Archive for the ‘fsharp’ Category

OpenHandle code examples in C# and F#

Wednesday, April 23rd, 2008

I’ve just contributed some code examples to the OpenHandle project.

OpenHandle exposes data from Handle, which is an interesting way of providing persistent digital identifiers for information, incorporating metadata. It’s used by systems such as DSpace and DOI.  In some ways, it’s a competitor to existing DNS-based ways of providing persistent URIs.

The code examples I’ve written demonstrate how to download OpenHandle data in F# and in C#. The C# implementation uses Linq.

Bloom Filter implementation in F#

Wednesday, March 19th, 2008

Further to my previous post on bloom filters for efficient ontology lookup, I’ve made a simple implementation in F#. This is based on a Java implementation by Ian Clarke.

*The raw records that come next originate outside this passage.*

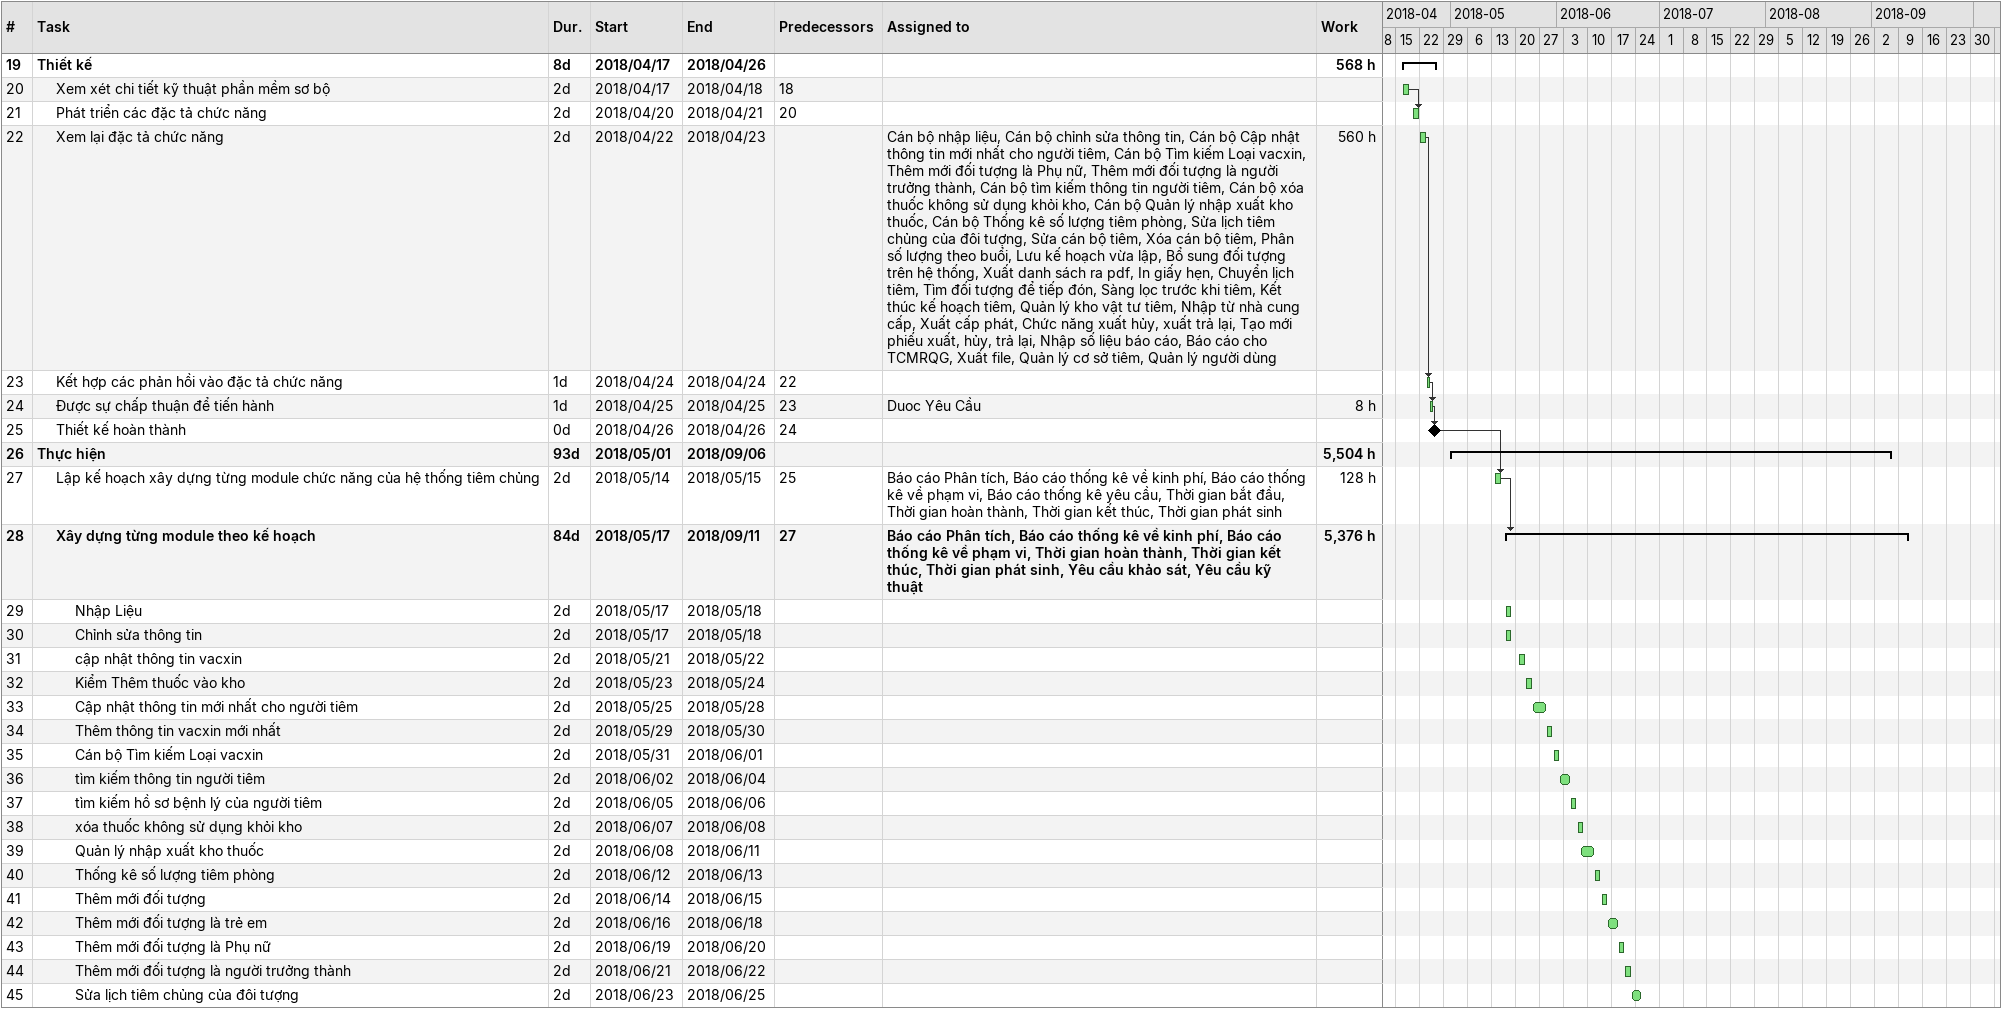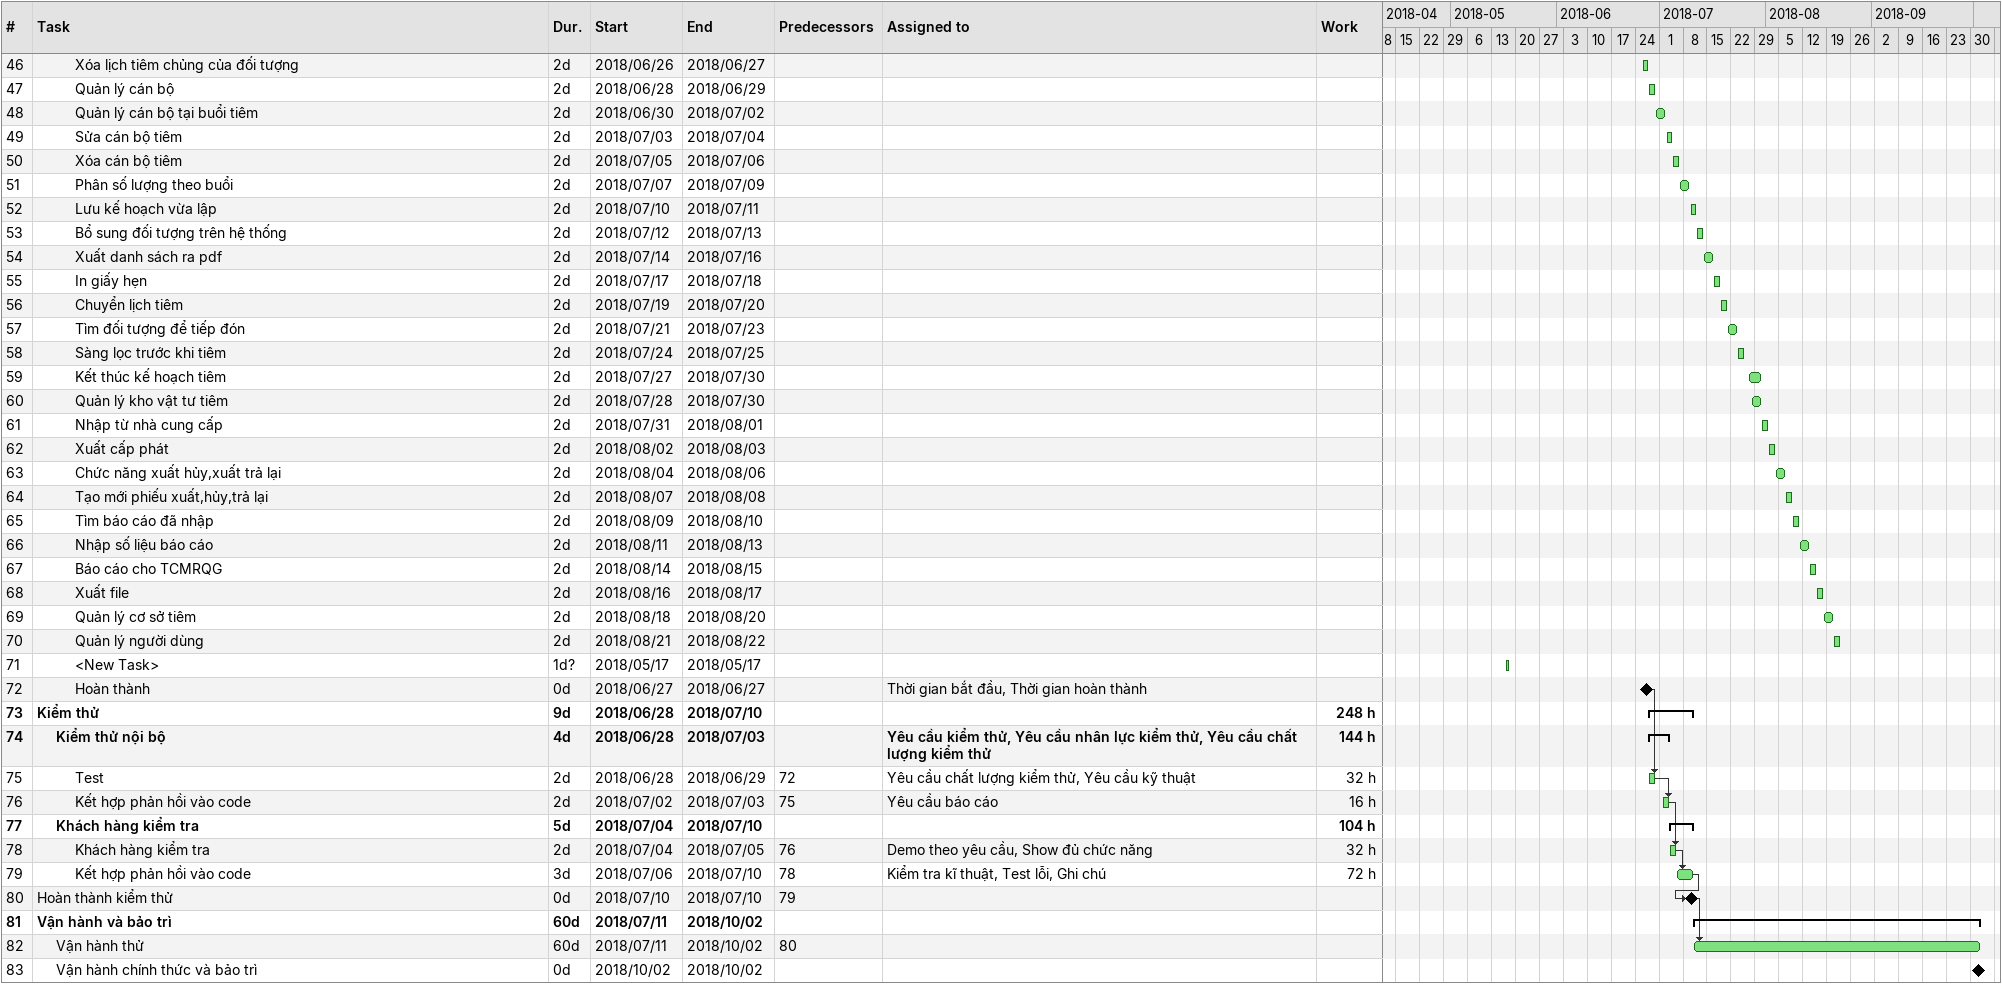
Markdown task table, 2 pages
| ID | Level | Task | Duration | Start | Finish | Predecessors | Resources | Work (h) |
|---|---|---|---|---|---|---|---|---|
| 19 | 1 | **Thiết kế** | 8d | 2018-04-17 | 2018-04-26 |  |  | 568 |
| 20 | 2 | Xem xét chi tiết kỹ thuật phần mềm sơ bộ | 2d | 2018-04-17 | 2018-04-18 | 18 |  |  |
| 21 | 2 | Phát triển các đặc tả chức năng | 2d | 2018-04-20 | 2018-04-21 | 20 |  |  |
| 22 | 2 | Xem lại đặc tả chức năng | 2d | 2018-04-22 | 2018-04-23 |  | Cán bộ nhập liệu, Cán bộ chỉnh sửa thông tin, Cán bộ Cập nhật thông tin mới nhất cho người tiêm, Cán bộ Tìm kiếm Loại vacxin, Thêm mới đối tượng là Phụ nữ, Thêm mới đối tượng là người trưởng thành, Cán bộ tìm kiếm thông tin người tiêm, Cán bộ xóa thuốc không sử dụng khỏi kho, Cán bộ Quản lý nhập xuất kho thuốc, Cán bộ Thống kê số lượng tiêm phòng, Sửa lịch tiêm chủng của đôi tượng, Sửa cán bộ tiêm, Xóa cán bộ tiêm, Phân số lượng theo buổi, Lưu kế hoạch vừa lập, Bổ sung đối tượng trên hệ thống, Xuất danh sách ra pdf, In giấy hẹn, Chuyển lịch tiêm, Tìm đối tượng để tiếp đón, Sàng lọc trước khi tiêm, Kết thúc kế hoạch tiêm, Quản lý kho vật tư tiêm, Nhập từ nhà cung cấp, Xuất cấp phát, Chức năng xuất hủy, xuất trả lại, Tạo mới phiếu xuất, hủy, trả lại, Nhập số liệu báo cáo, Báo cáo cho TCMRQG, Xuất file, Quản lý cơ sở tiêm, Quản lý người dùng | 560 |
| 23 | 2 | Kết hợp các phản hồi vào đặc tả chức năng | 1d | 2018-04-24 | 2018-04-24 | 22 |  |  |
| 24 | 2 | Được sự chấp thuận để tiến hành | 1d | 2018-04-25 | 2018-04-25 | 23 | Duoc Yêu Cầu | 8 |
| 25 | 2 | Thiết kế hoàn thành | 0d | 2018-04-26 | 2018-04-26 | 24 |  |  |
| 26 | 1 | **Thực hiện** | 93d | 2018-05-01 | 2018-09-06 |  |  | 5504 |
| 27 | 2 | Lập kế hoạch xây dựng từng module chức năng của hệ thống tiêm chủng | 2d | 2018-05-14 | 2018-05-15 | 25 | Báo cáo Phân tích, Báo cáo thống kê về kinh phí, Báo cáo thống kê về phạm vi, Báo cáo thống kê yêu cầu, Thời gian bắt đầu, Thời gian hoàn thành, Thời gian kết thúc, Thời gian phát sinh | 128 |
| 28 | 2 | **Xây dựng từng module theo kế hoạch** | 84d | 2018-05-17 | 2018-09-11 | 27 | Báo cáo Phân tích, Báo cáo thống kê về kinh phí, Báo cáo thống kê về phạm vi, Thời gian hoàn thành, Thời gian kết thúc, Thời gian phát sinh, Yêu cầu khảo sát, Yêu cầu kỹ thuật | 5376 |
| 29 | 3 | Nhập Liệu | 2d | 2018-05-17 | 2018-05-18 |  |  |  |
| 30 | 3 | Chỉnh sửa thông tin | 2d | 2018-05-17 | 2018-05-18 |  |  |  |
| 31 | 3 | cập nhật thông tin vacxin | 2d | 2018-05-21 | 2018-05-22 |  |  |  |
| 32 | 3 | Kiểm Thêm thuốc vào kho | 2d | 2018-05-23 | 2018-05-24 |  |  |  |
| 33 | 3 | Cập nhật thông tin mới nhất cho người tiêm | 2d | 2018-05-25 | 2018-05-28 |  |  |  |
| 34 | 3 | Thêm thông tin vacxin mới nhất | 2d | 2018-05-29 | 2018-05-30 |  |  |  |
| 35 | 3 | Cán bộ Tìm kiếm Loại vacxin | 2d | 2018-05-31 | 2018-06-01 |  |  |  |
| 36 | 3 | tìm kiếm thông tin người tiêm | 2d | 2018-06-02 | 2018-06-04 |  |  |  |
| 37 | 3 | tìm kiếm hồ sơ bệnh lý của người tiêm | 2d | 2018-06-05 | 2018-06-06 |  |  |  |
| 38 | 3 | xóa thuốc không sử dụng khỏi kho | 2d | 2018-06-07 | 2018-06-08 |  |  |  |
| 39 | 3 | Quản lý nhập xuất kho thuốc | 2d | 2018-06-08 | 2018-06-11 |  |  |  |
| 40 | 3 | Thống kê số lượng tiêm phòng | 2d | 2018-06-12 | 2018-06-13 |  |  |  |
| 41 | 3 | Thêm mới đối tượng | 2d | 2018-06-14 | 2018-06-15 |  |  |  |
| 42 | 3 | Thêm mới đối tượng là trẻ em | 2d | 2018-06-16 | 2018-06-18 |  |  |  |
| 43 | 3 | Thêm mới đối tượng là Phụ nữ | 2d | 2018-06-19 | 2018-06-20 |  |  |  |
| 44 | 3 | Thêm mới đối tượng là người trưởng thành | 2d | 2018-06-21 | 2018-06-22 |  |  |  |
| 45 | 3 | Sửa lịch tiêm chủng của đôi tượng | 2d | 2018-06-23 | 2018-06-25 |  |  |  |
| 46 | 3 | Xóa lịch tiêm chủng của đối tượng | 2d | 2018-06-26 | 2018-06-27 |  |  |  |
| 47 | 3 | Quản lý cán bộ | 2d | 2018-06-28 | 2018-06-29 |  |  |  |
| 48 | 3 | Quản lý cán bộ tại buổi tiêm | 2d | 2018-06-30 | 2018-07-02 |  |  |  |
| 49 | 3 | Sửa cán bộ tiêm | 2d | 2018-07-03 | 2018-07-04 |  |  |  |
| 50 | 3 | Xóa cán bộ tiêm | 2d | 2018-07-05 | 2018-07-06 |  |  |  |
| 51 | 3 | Phân số lượng theo buổi | 2d | 2018-07-07 | 2018-07-09 |  |  |  |
| 52 | 3 | Lưu kế hoạch vừa lập | 2d | 2018-07-10 | 2018-07-11 |  |  |  |
| 53 | 3 | Bổ sung đối tượng trên hệ thống | 2d | 2018-07-12 | 2018-07-13 |  |  |  |
| 54 | 3 | Xuất danh sách ra pdf | 2d | 2018-07-14 | 2018-07-16 |  |  |  |
| 55 | 3 | In giấy hẹn | 2d | 2018-07-17 | 2018-07-18 |  |  |  |
| 56 | 3 | Chuyển lịch tiêm | 2d | 2018-07-19 | 2018-07-20 |  |  |  |
| 57 | 3 | Tìm đối tượng để tiếp đón | 2d | 2018-07-21 | 2018-07-23 |  |  |  |
| 58 | 3 | Sàng lọc trước khi tiêm | 2d | 2018-07-24 | 2018-07-25 |  |  |  |
| 59 | 3 | Kết thúc kế hoạch tiêm | 2d | 2018-07-27 | 2018-07-30 |  |  |  |
| 60 | 3 | Quản lý kho vật tư tiêm | 2d | 2018-07-28 | 2018-07-30 |  |  |  |
| 61 | 3 | Nhập từ nhà cung cấp | 2d | 2018-07-31 | 2018-08-01 |  |  |  |
| 62 | 3 | Xuất cấp phát | 2d | 2018-08-02 | 2018-08-03 |  |  |  |
| 63 | 3 | Chức năng xuất hủy,xuất trả lại | 2d | 2018-08-04 | 2018-08-06 |  |  |  |
| 64 | 3 | Tạo mới phiếu xuất,hủy,trả lại | 2d | 2018-08-07 | 2018-08-08 |  |  |  |
| 65 | 3 | Tìm báo cáo đã nhập | 2d | 2018-08-09 | 2018-08-10 |  |  |  |
| 66 | 3 | Nhập số liệu báo cáo | 2d | 2018-08-11 | 2018-08-13 |  |  |  |
| 67 | 3 | Báo cáo cho TCMRQG | 2d | 2018-08-14 | 2018-08-15 |  |  |  |
| 68 | 3 | Xuất file | 2d | 2018-08-16 | 2018-08-17 |  |  |  |
| 69 | 3 | Quản lý cơ sở tiêm | 2d | 2018-08-18 | 2018-08-20 |  |  |  |
| 70 | 3 | Quản lý người dùng | 2d | 2018-08-21 | 2018-08-22 |  |  |  |
| 71 | 3 | <New Task> | 1d? | 2018-05-17 | 2018-05-17 |  |  |  |
| 72 | 3 | Hoàn thành | 0d | 2018-06-27 | 2018-06-27 |  | Thời gian bắt đầu, Thời gian hoàn thành |  |
| 73 | 1 | **Kiểm thử** | 9d | 2018-06-28 | 2018-07-10 |  |  | 248 |
| 74 | 2 | **Kiểm thử nội bộ** | 4d | 2018-06-28 | 2018-07-03 |  | Yêu cầu kiểm thử, Yêu cầu nhân lực kiểm thử, Yêu cầu chất lượng kiểm thử | 144 |
| 75 | 3 | Test | 2d | 2018-06-28 | 2018-06-29 | 72 | Yêu cầu chất lượng kiểm thử, Yêu cầu kỹ thuật | 32 |
| 76 | 3 | Kết hợp phản hồi vào code | 2d | 2018-07-02 | 2018-07-03 | 75 | Yêu cầu báo cáo | 16 |
| 77 | 2 | **Khách hàng kiểm tra** | 5d | 2018-07-04 | 2018-07-10 |  |  | 104 |
| 78 | 3 | Khách hàng kiểm tra | 2d | 2018-07-04 | 2018-07-05 | 76 | Demo theo yêu cầu, Show đủ chức năng | 32 |
| 79 | 3 | Kết hợp phản hồi vào code | 3d | 2018-07-06 | 2018-07-10 | 78 | Kiểm tra kĩ thuật, Test lỗi, Ghi chú | 72 |
| 80 | 1 | Hoàn thành kiểm thử | 0d | 2018-07-10 | 2018-07-10 | 79 |  |  |
| 81 | 1 | **Vận hành và bảo trì** | 60d | 2018-07-11 | 2018-10-02 |  |  |  |
| 82 | 2 | Vận hành thử | 60d | 2018-07-11 | 2018-10-02 | 80 |  |  |
| 83 | 2 | Vận hành chính thức và bảo trì | 0d | 2018-10-02 | 2018-10-02 |  |  |  |

The neat thing about Ian’s implementation is its use of Random to extend the hashcode provided by the object being stored into a hash of arbitrary length, suitable for use by the bloom filter algorithm. This will reduce the quality of the hash, but for an arbitrary passed-in object, it’s hard to do better. (For a specific application, like storing ontology labels, it would be better to use a more specific algorithm such as a Jenkin’s Hash).

#light
open System
// Based on Java Bloom Filter implementation by Ian Clarke 
// http://locut.us/blog/2008/01/12/a-decent-stand-alone-java-bloom-filter-implementation/
type BloomFilter(bitArraySize : int, expectedElementCount : int) =
    let bitSet  = new System.Collections.BitArray(bitArraySize, false)
    let bitArraySize = bitArraySize
    let expectedElementCount = expectedElementCount
    let k = (int) (Math.Ceiling( ((double) bitArraySize / (double) expectedElementCount) * Math.Log(2.0) ))
    let bitSequence o =
        let r = new Random( hash o )
        Seq.init_infinite (fun n -> r.Next(bitArraySize))
    member b.expectedFalsePositiveProbability =
        Math.Pow((1.0 - Math.Exp( -((double) k) * (double) expectedElementCount / (double) bitArraySize)), (double) k)
    member b.add o =
        let sq = bitSequence o
        for x in 0 to k do bitSet.Set( Seq.hd sq , true)
    member b.addAll os = Seq.iter b.add os
    member b.clear = bitSet.SetAll(false)
    member b.contains o =
        let sq = bitSequence o
        let isSet n = bitSet.Get( Seq.hd sq )
        Seq.for_all isSet [0..k]
    member b.containsAll os = Seq.for_all b.contains os

Using F# makes the code slightly neater than Ian’s Java version - I’ve been able to factor out the hash code into a sequence supplied by the bitSequence function, and to collapse some of the for loops into operations over lists instead. But, the basic structure of the code is still very similar.